By the way, Haberman is one of the authors of an article in the New York Times that is getting a lot of attention recently…I have more on that later on in the thread.
Duca continues:
As the leader of the country, Trump is the core source for our perception of the state of the union. Once he took office, his abusive relationship with the truth came with the official seal of the White House, and that is of crucial importance. The Trump administration is now waging an unprecedented campaign of disinformation on the American people. The president of the United States is working to undermine our shared foundation of truth so that we have no choice but to accept his version of reality.

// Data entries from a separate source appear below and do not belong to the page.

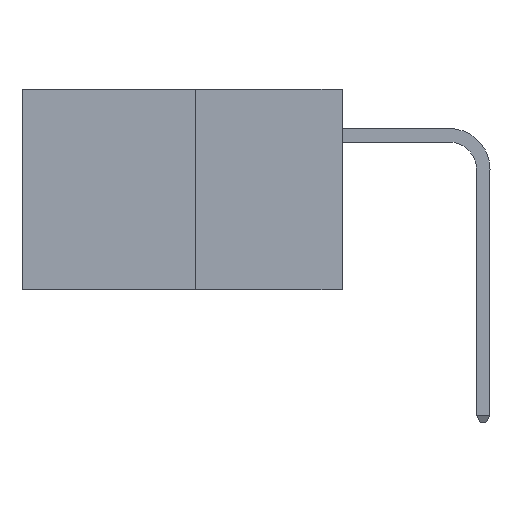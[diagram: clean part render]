
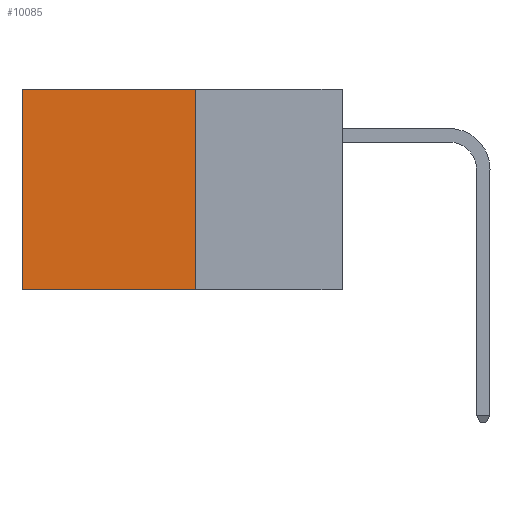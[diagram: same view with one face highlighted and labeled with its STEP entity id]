
A CAD part, left-side view. The second image highlights one B-rep face of the part: STEP entity #10085.
In plain terms, the highlighted planar face has unit normal (-1, 0, 0).
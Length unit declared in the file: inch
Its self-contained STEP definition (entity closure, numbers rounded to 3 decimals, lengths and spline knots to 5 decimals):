
#116 = VERTEX_POINT ( 'NONE', #8046 ) ;
#396 = ORIENTED_EDGE ( 'NONE', *, *, #5200, .T. ) ;
#499 = CARTESIAN_POINT ( 'NONE',  ( 0.277, 0.59, -0.37 ) ) ;
#577 = FACE_OUTER_BOUND ( 'NONE', #4002, .T. ) ;
#591 = CARTESIAN_POINT ( 'NONE',  ( 0.277, 0.27, -0.37 ) ) ;
#994 = VECTOR ( 'NONE', #8900, 39.37008 ) ;
#1037 = VERTEX_POINT ( 'NONE', #4546 ) ;
#1316 = LINE ( 'NONE', #499, #994 ) ;
#1636 = DIRECTION ( 'NONE',  ( 0., 0., -1. ) ) ;
#2140 = LINE ( 'NONE', #11167, #9408 ) ;
#2229 = CARTESIAN_POINT ( 'NONE',  ( 0.277, 0.27, 0. ) ) ;
#2315 = LINE ( 'NONE', #7416, #11055 ) ;
#3366 = EDGE_CURVE ( 'NONE', #6226, #1037, #2315, .T. ) ;
#4002 = EDGE_LOOP ( 'NONE', ( #7475, #7280, #6919, #396 ) ) ;
#4312 = EDGE_CURVE ( 'NONE', #9950, #116, #1316, .T. ) ;
#4546 = CARTESIAN_POINT ( 'NONE',  ( 0.277, 0.27, -0.37 ) ) ;
#4729 = CARTESIAN_POINT ( 'NONE',  ( 0.277, 0.27, 0. ) ) ;
#5200 = EDGE_CURVE ( 'NONE', #6226, #9950, #11527, .T. ) ;
#5406 = PLANE ( 'NONE',  #7053 ) ;
#5956 = DIRECTION ( 'NONE',  ( 0., 1., 0. ) ) ;
#6226 = VERTEX_POINT ( 'NONE', #4729 ) ;
#6601 = VECTOR ( 'NONE', #9501, 39.37008 ) ;
#6919 = ORIENTED_EDGE ( 'NONE', *, *, #3366, .F. ) ;
#6972 = CARTESIAN_POINT ( 'NONE',  ( 0.277, 0.59, 0. ) ) ;
#7053 = AXIS2_PLACEMENT_3D ( 'NONE', #591, #7200, #1636 ) ;
#7200 = DIRECTION ( 'NONE',  ( 1., 0., 0. ) ) ;
#7280 = ORIENTED_EDGE ( 'NONE', *, *, #11749, .F. ) ;
#7416 = CARTESIAN_POINT ( 'NONE',  ( 0.277, 0.27, -0.37 ) ) ;
#7475 = ORIENTED_EDGE ( 'NONE', *, *, #4312, .T. ) ;
#8046 = CARTESIAN_POINT ( 'NONE',  ( 0.277, 0.59, -0.37 ) ) ;
#8900 = DIRECTION ( 'NONE',  ( 0., 0., -1. ) ) ;
#9408 = VECTOR ( 'NONE', #5956, 39.37008 ) ;
#9501 = DIRECTION ( 'NONE',  ( 0., 1., 0. ) ) ;
#9950 = VERTEX_POINT ( 'NONE', #6972 ) ;
#10085 = ADVANCED_FACE ( 'NONE', ( #577 ), #5406, .F. ) ;
#10470 = DIRECTION ( 'NONE',  ( 0., 0., -1. ) ) ;
#11055 = VECTOR ( 'NONE', #10470, 39.37008 ) ;
#11167 = CARTESIAN_POINT ( 'NONE',  ( 0.277, 0.27, -0.37 ) ) ;
#11527 = LINE ( 'NONE', #2229, #6601 ) ;
#11749 = EDGE_CURVE ( 'NONE', #1037, #116, #2140, .T. ) ;

Trump himself has reportedly admitted that this is his aim. On stage at the Deadline Club Awards Dinner on May 21, 60 Minutes host Leslie Stahl told PBS Newshouranchor Julie Woodruff that Trump told her he undermines the press so that the public will have no grasp on what is true. During an informal meeting with then candidate Trump in 2016, Stahl said, she asked Trump why he was constantly attacking the media. “He said, ‘You know why I do it? I do it to discredit you all and demean you all so when you write negative stories about me, no one will believe you,’” she told Woodruff. If this is true, and those are Trump’s intentions, the endgame is to deprive journalism of any value whatsoever.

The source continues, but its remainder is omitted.